443 F. 3d 987, affirmed and remanded. 

KENNEDY, J., delivered the opinion of the Court, in which ROBERTS, C. J., and SCALIA, THOMAS, and ALITO, JJ., joined. STEVENS, J., filed a dissenting opinion, in which SOUTER and GINSBURG, JJ., joined. BREYER, J., took no part in the consideration or decision of the case. 

SUPREME COURT OF THE UNITED STATES 

No. 06-43 

STONERIDGE INVESTMENT PARTNERS, LLC, PETITIONER v. SCIENTIFIC-ATLANTA, INC., ET AL. 

ON WRIT OF CERTIORARI TO THE UNITED STATES COURT OF APPEALS FOR THE EIGHTH CIRCUIT 

[January 15, 2008] 

JUSTICE KENNEDY delivered the opinion of the Court. 

We consider the reach of the private right of action the Court has found implied in §10(b) of the Securities Exchange Act of 1934, 48 Stat. 891, as amended, 15 U.S.C. § 78j(b), and SEC Rule 10b-5, 17 CFR §240.10b-5 (2007). In this suit investors alleged losses after purchasing common stock. They sought to impose liability on entities who, acting both as customers and suppliers, agreed to arrangements that allowed the investors' company to mislead its auditor and issue a misleading financial statement affecting the stock price. We conclude the implied right of action does not reach the customer/supplier companies because the investors did not rely upon their statements or representations.
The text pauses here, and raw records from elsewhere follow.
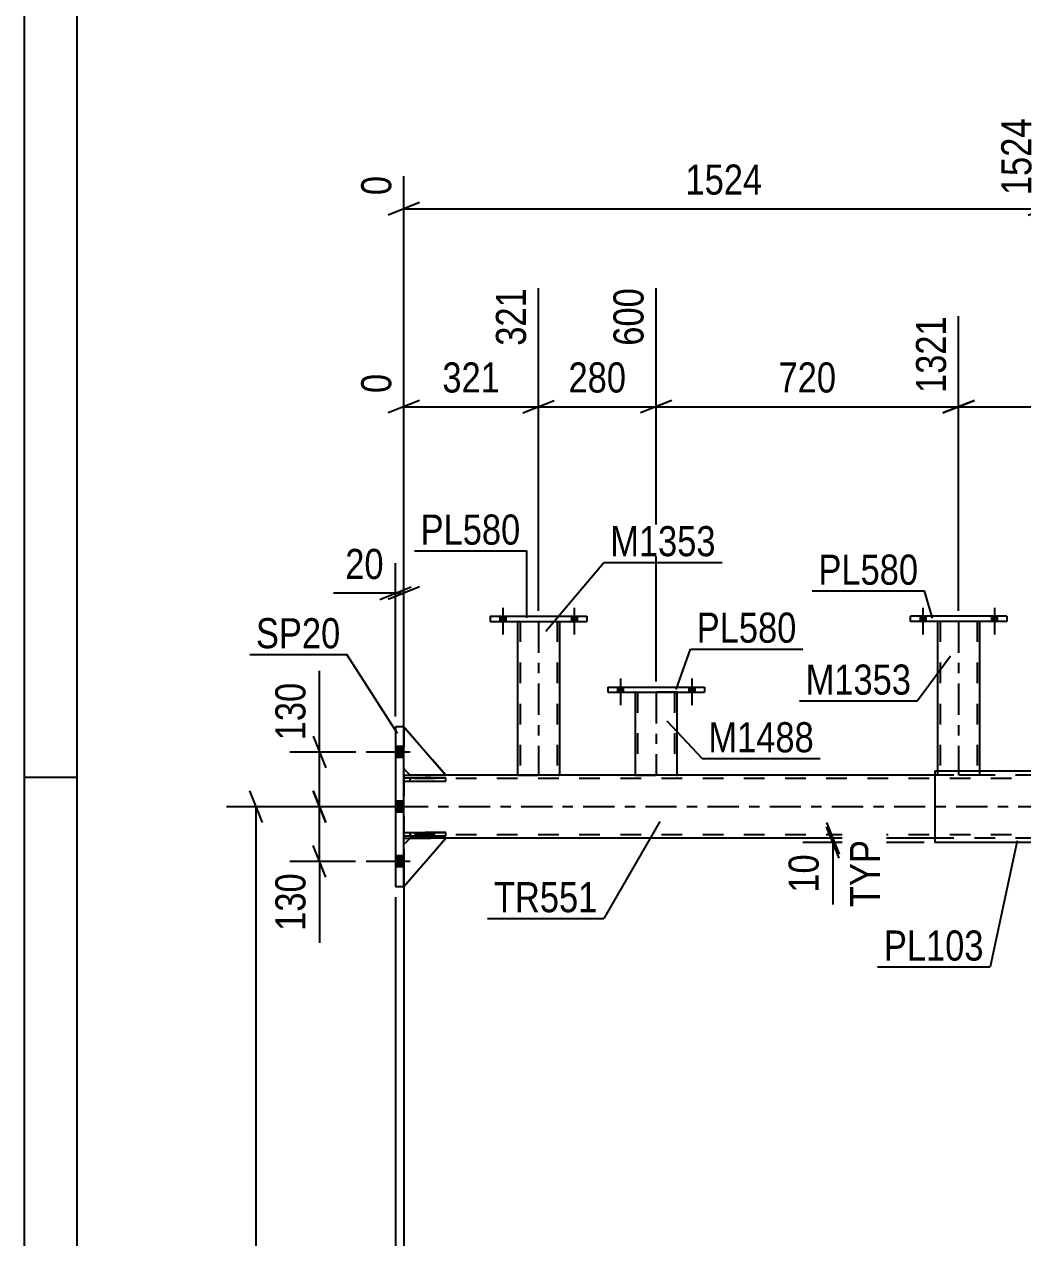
# Model space of a CAD drawing. Header units: millimetres. Extents: x -834 to 355, y -855 to -14.
# Drawn here: x -834 to -738.9, y -303.1 to -187.7 of the extents above; entities that cross this region are included whole.
import ezdxf

# ---------------------------------------------------------------- set-up
doc = ezdxf.new("R2010")
doc.units = ezdxf.units.MM
doc.linetypes.add('DXK_LINE_DOT2', pattern=[3.9198, 1.9599, -1.9599])
doc.linetypes.add('DXK_LINE_DOT3', pattern=[5.9187, 2.979, -0.9799, 0.9799, -0.9799])
doc.styles.add('Arial Narrow', font='ARIALN.TTF', dxfattribs={"height": 0.2})

# ---------------------------------------------------------------- blocks, each defined once
blk = doc.blocks.new('Unknown-570384938-1134')
at = {"color": 5, "linetype": 'Continuous'}
for p, q in [((-833.95, -14.33), (-833.95, -855.33)), ((-828.95, -19.33), (-828.95, -850.33)), ((-828.95, -259.33), (-833.95, -259.33))]:
    blk.add_line(p, q, dxfattribs=at)
blk = doc.blocks.new('Part-570384938-35326 - 35208')
at = {"color": 2, "linetype": 'Continuous'}
for p, q in [((-747.25, -258.72), (-747.25, -265.52)), ((-724.39, -258.72), (-747.25, -258.72)), ((-724.39, -258.72), (-724.39, -259.12)), ((-724.39, -265.52), (-747.25, -265.52)), ((-724.39, -265.12), (-724.39, -265.52))]:
    blk.add_line(p, q, dxfattribs=at)
at = {"color": 7, "linetype": 'DXK_LINE_DOT2'}
blk.add_line((-724.39, -259.12), (-724.39, -265.12), dxfattribs=at)
blk = doc.blocks.new('Part-570384938-35453 - 35208')
at = {"color": 2, "linetype": 'Continuous'}
for p, q in [((-746.98, -244.48), (-746.98, -258.72)), ((-742.98, -244.48), (-742.98, -258.72))]:
    blk.add_line(p, q, dxfattribs=at)
at = {"color": 7, "linetype": 'DXK_LINE_DOT2'}
for p, q in [((-742.98, -244.48), (-746.98, -244.48)), ((-746.98, -244.48), (-746.94, -244.48)), ((-746.74, -244.48), (-746.74, -259.12)), ((-743.22, -244.48), (-743.22, -259.12)), ((-746.98, -258.72), (-746.98, -259.12)), ((-742.98, -259.12), (-746.98, -259.12)), ((-742.98, -258.72), (-742.98, -259.12))]:
    blk.add_line(p, q, dxfattribs=at)
at = {"color": 7, "linetype": 'DXK_LINE_DOT3'}
blk.add_line((-744.98, -244.48), (-744.98, -259.12), dxfattribs=at)
blk = doc.blocks.new('Part-570384938-35309 - 35208')
at = {"color": 2, "linetype": 'Continuous'}
for p, q in [((-798.61, -254.52), (-798.61, -269.72)), ((-797.81, -254.52), (-798.61, -254.52)), ((-797.81, -269.72), (-797.81, -254.52)), ((-798.61, -269.72), (-797.81, -269.72))]:
    blk.add_line(p, q, dxfattribs=at)
blk = doc.blocks.new('Part-570384938-35454 - 35208')
at = {"color": 2, "linetype": 'Continuous'}
for p, q in [((-740.38, -244), (-749.58, -244)), ((-749.58, -244.48), (-749.58, -244)), ((-740.38, -244.48), (-749.58, -244.48)), ((-740.38, -244), (-740.38, -244.48))]:
    blk.add_line(p, q, dxfattribs=at)
blk = doc.blocks.new('Part-570384938-35457 - 35208')
at = {"color": 2, "linetype": 'Continuous'}
for p, q in [((-786.98, -244.48), (-786.98, -259.12)), ((-782.98, -244.48), (-782.98, -259.12))]:
    blk.add_line(p, q, dxfattribs=at)
at = {"color": 7, "linetype": 'DXK_LINE_DOT2'}
for p, q in [((-786.98, -244.48), (-782.98, -244.48)), ((-786.94, -244.48), (-786.98, -244.48)), ((-786.74, -244.48), (-786.74, -259.12)), ((-783.22, -244.48), (-783.22, -259.12)), ((-786.98, -259.12), (-786.98, -259.12)), ((-786.98, -259.12), (-782.98, -259.12)), ((-782.98, -259.12), (-782.98, -259.12)), ((-782.98, -259.12), (-782.98, -259.12))]:
    blk.add_line(p, q, dxfattribs=at)
at = {"color": 7, "linetype": 'DXK_LINE_DOT3'}
blk.add_line((-784.98, -244.48), (-784.98, -259.12), dxfattribs=at)
blk = doc.blocks.new('Part-570384938-35458 - 35208')
at = {"color": 2, "linetype": 'Continuous'}
for p, q in [((-789.58, -244), (-789.58, -244.48)), ((-789.58, -244), (-780.38, -244)), ((-789.58, -244.48), (-780.38, -244.48)), ((-780.38, -244), (-780.38, -244.48))]:
    blk.add_line(p, q, dxfattribs=at)
blk = doc.blocks.new('Part-570384938-35472 - 35208')
at = {"color": 2, "linetype": 'Continuous'}
for p, q in [((-775.79, -251.21), (-775.79, -259.12)), ((-771.79, -259.12), (-771.79, -251.21))]:
    blk.add_line(p, q, dxfattribs=at)
at = {"color": 7, "linetype": 'DXK_LINE_DOT2'}
for p, q in [((-771.79, -251.21), (-775.79, -251.21)), ((-775.75, -251.21), (-775.79, -251.21)), ((-775.55, -251.21), (-775.55, -259.12)), ((-772.03, -251.21), (-772.03, -259.12)), ((-775.79, -259.12), (-771.79, -259.12))]:
    blk.add_line(p, q, dxfattribs=at)
at = {"color": 7, "linetype": 'DXK_LINE_DOT3'}
blk.add_line((-773.79, -251.21), (-773.79, -259.12), dxfattribs=at)
blk = doc.blocks.new('Part-570384938-35473 - 35208')
at = {"color": 2, "linetype": 'Continuous'}
for p, q in [((-778.39, -250.73), (-778.39, -251.21)), ((-778.39, -250.73), (-769.19, -250.73)), ((-778.39, -251.21), (-769.19, -251.21)), ((-769.19, -250.73), (-769.19, -251.21))]:
    blk.add_line(p, q, dxfattribs=at)
blk = doc.blocks.new('Part-570384938-35505 - 35208')
at = {"color": 2, "linetype": 'Continuous'}
for p, q in [((-797.81, -259.12), (-797.21, -259.12)), ((-747.25, -259.12), (-793.81, -259.12)), ((-797.81, -265.12), (-797.21, -265.12)), ((-747.25, -265.12), (-793.81, -265.12))]:
    blk.add_line(p, q, dxfattribs=at)
at = {"color": 7, "linetype": 'DXK_LINE_DOT2'}
for p, q in [((-797.81, -259.12), (-797.81, -265.12)), ((-97.1, -259.44), (-797.81, -259.44)), ((-797.21, -259.12), (-793.81, -259.12)), ((-706.24, -259.12), (-747.25, -259.12)), ((-97.1, -264.8), (-797.81, -264.8)), ((-797.21, -265.12), (-793.81, -265.12)), ((-706.24, -265.12), (-747.25, -265.12))]:
    blk.add_line(p, q, dxfattribs=at)
at = {"color": 7, "linetype": 'DXK_LINE_DOT3'}
blk.add_line((-97.1, -262.12), (-797.81, -262.12), dxfattribs=at)
blk = doc.blocks.new('Part-570384938-35514 - 35208')
at = {"color": 7, "linetype": 'DXK_LINE_DOT2'}
for p, q in [((-793.81, -259.36), (-797.81, -259.36)), ((-797.81, -259.36), (-797.81, -259.68)), ((-797.81, -259.68), (-793.81, -259.68)), ((-797.21, -259.68), (-797.21, -259.36)), ((-793.81, -259.68), (-793.81, -259.36))]:
    blk.add_line(p, q, dxfattribs=at)
blk = doc.blocks.new('Part-570384938-35515 - 35208')
at = {"color": 7, "linetype": 'DXK_LINE_DOT2'}
for p, q in [((-793.81, -264.56), (-797.81, -264.56)), ((-797.81, -264.56), (-797.81, -264.88)), ((-797.81, -264.88), (-793.81, -264.88)), ((-797.21, -264.56), (-797.21, -264.88)), ((-793.81, -264.88), (-793.81, -264.56))]:
    blk.add_line(p, q, dxfattribs=at)
blk = doc.blocks.new('Part-570384938-35516 - 35208')
at = {"color": 2, "linetype": 'Continuous'}
for p, q in [((-797.81, -259.68), (-797.81, -259.36)), ((-797.81, -259.36), (-793.81, -259.36)), ((-797.81, -259.68), (-793.81, -259.68)), ((-793.81, -259.68), (-793.81, -259.36))]:
    blk.add_line(p, q, dxfattribs=at)
at = {"color": 7, "linetype": 'DXK_LINE_DOT2'}
blk.add_line((-797.21, -259.68), (-797.21, -259.36), dxfattribs=at)
blk = doc.blocks.new('Part-570384938-35517 - 35208')
at = {"color": 2, "linetype": 'Continuous'}
for p, q in [((-797.81, -264.88), (-797.81, -264.56)), ((-797.81, -264.56), (-793.81, -264.56)), ((-797.81, -264.88), (-793.81, -264.88)), ((-793.81, -264.88), (-793.81, -264.56))]:
    blk.add_line(p, q, dxfattribs=at)
at = {"color": 7, "linetype": 'DXK_LINE_DOT2'}
blk.add_line((-797.21, -264.88), (-797.21, -264.56), dxfattribs=at)
blk = doc.blocks.new('Part-570384938-35518 - 35208')
at = {"color": 7, "linetype": 'DXK_LINE_DOT2'}
for p, q in [((-793.81, -259.12), (-797.81, -254.52)), ((-797.81, -254.52), (-797.81, -258.52)), ((-797.81, -258.52), (-797.21, -259.12)), ((-797.21, -259.12), (-793.81, -259.12))]:
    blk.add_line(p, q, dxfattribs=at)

We affirm the judgment of the Court of Appeals. 

I

This class-action suit by investors was filed against Charter Communications, Inc., in the United States District Court for the Eastern District of Missouri. Stoneridge Investment Partners, LLC, a limited liability company organized under the laws of Delaware, was the lead plaintiff and is petitioner here. 

Charter issued the financial statements and the securities in question. It was a named defendant along with some of its executives and Arthur Andersen LLP, Charter's independent auditor during the period in question. We are concerned, though, with two other defendants, respondents here. Respondents are Scientific-Atlanta, Inc., and Motorola, Inc. They were suppliers, and later customers, of Charter. 

For purposes of this proceeding, we take these facts, alleged by petitioner, to be true. Charter, a cable operator, engaged in a variety of fraudulent practices so its quarterly reports would meet Wall Street expectations for cable subscriber growth and operating cash flow. The fraud included misclassification of its customer base; delayed reporting of terminated customers; improper capitalization of costs that should have been shown as expenses; and manipulation of the company's billing cutoff dates to inflate reported revenues. In late 2000, Charter executives realized that, despite these efforts, the company would miss projected operating cash flow numbers by $15 to $20 million. To help meet the shortfall, Charter decided to alter its existing arrangements with respondents, Scientific-Atlanta and Motorola. Petitioner's theory as to whether Arthur Andersen was altogether misled or, on the other hand, knew the structure of the contract arrangements and was complicit to some degree, is not clear at this stage of the case. The point, however, is neither controlling nor significant for our present disposition, and in our decision we assume it was misled. 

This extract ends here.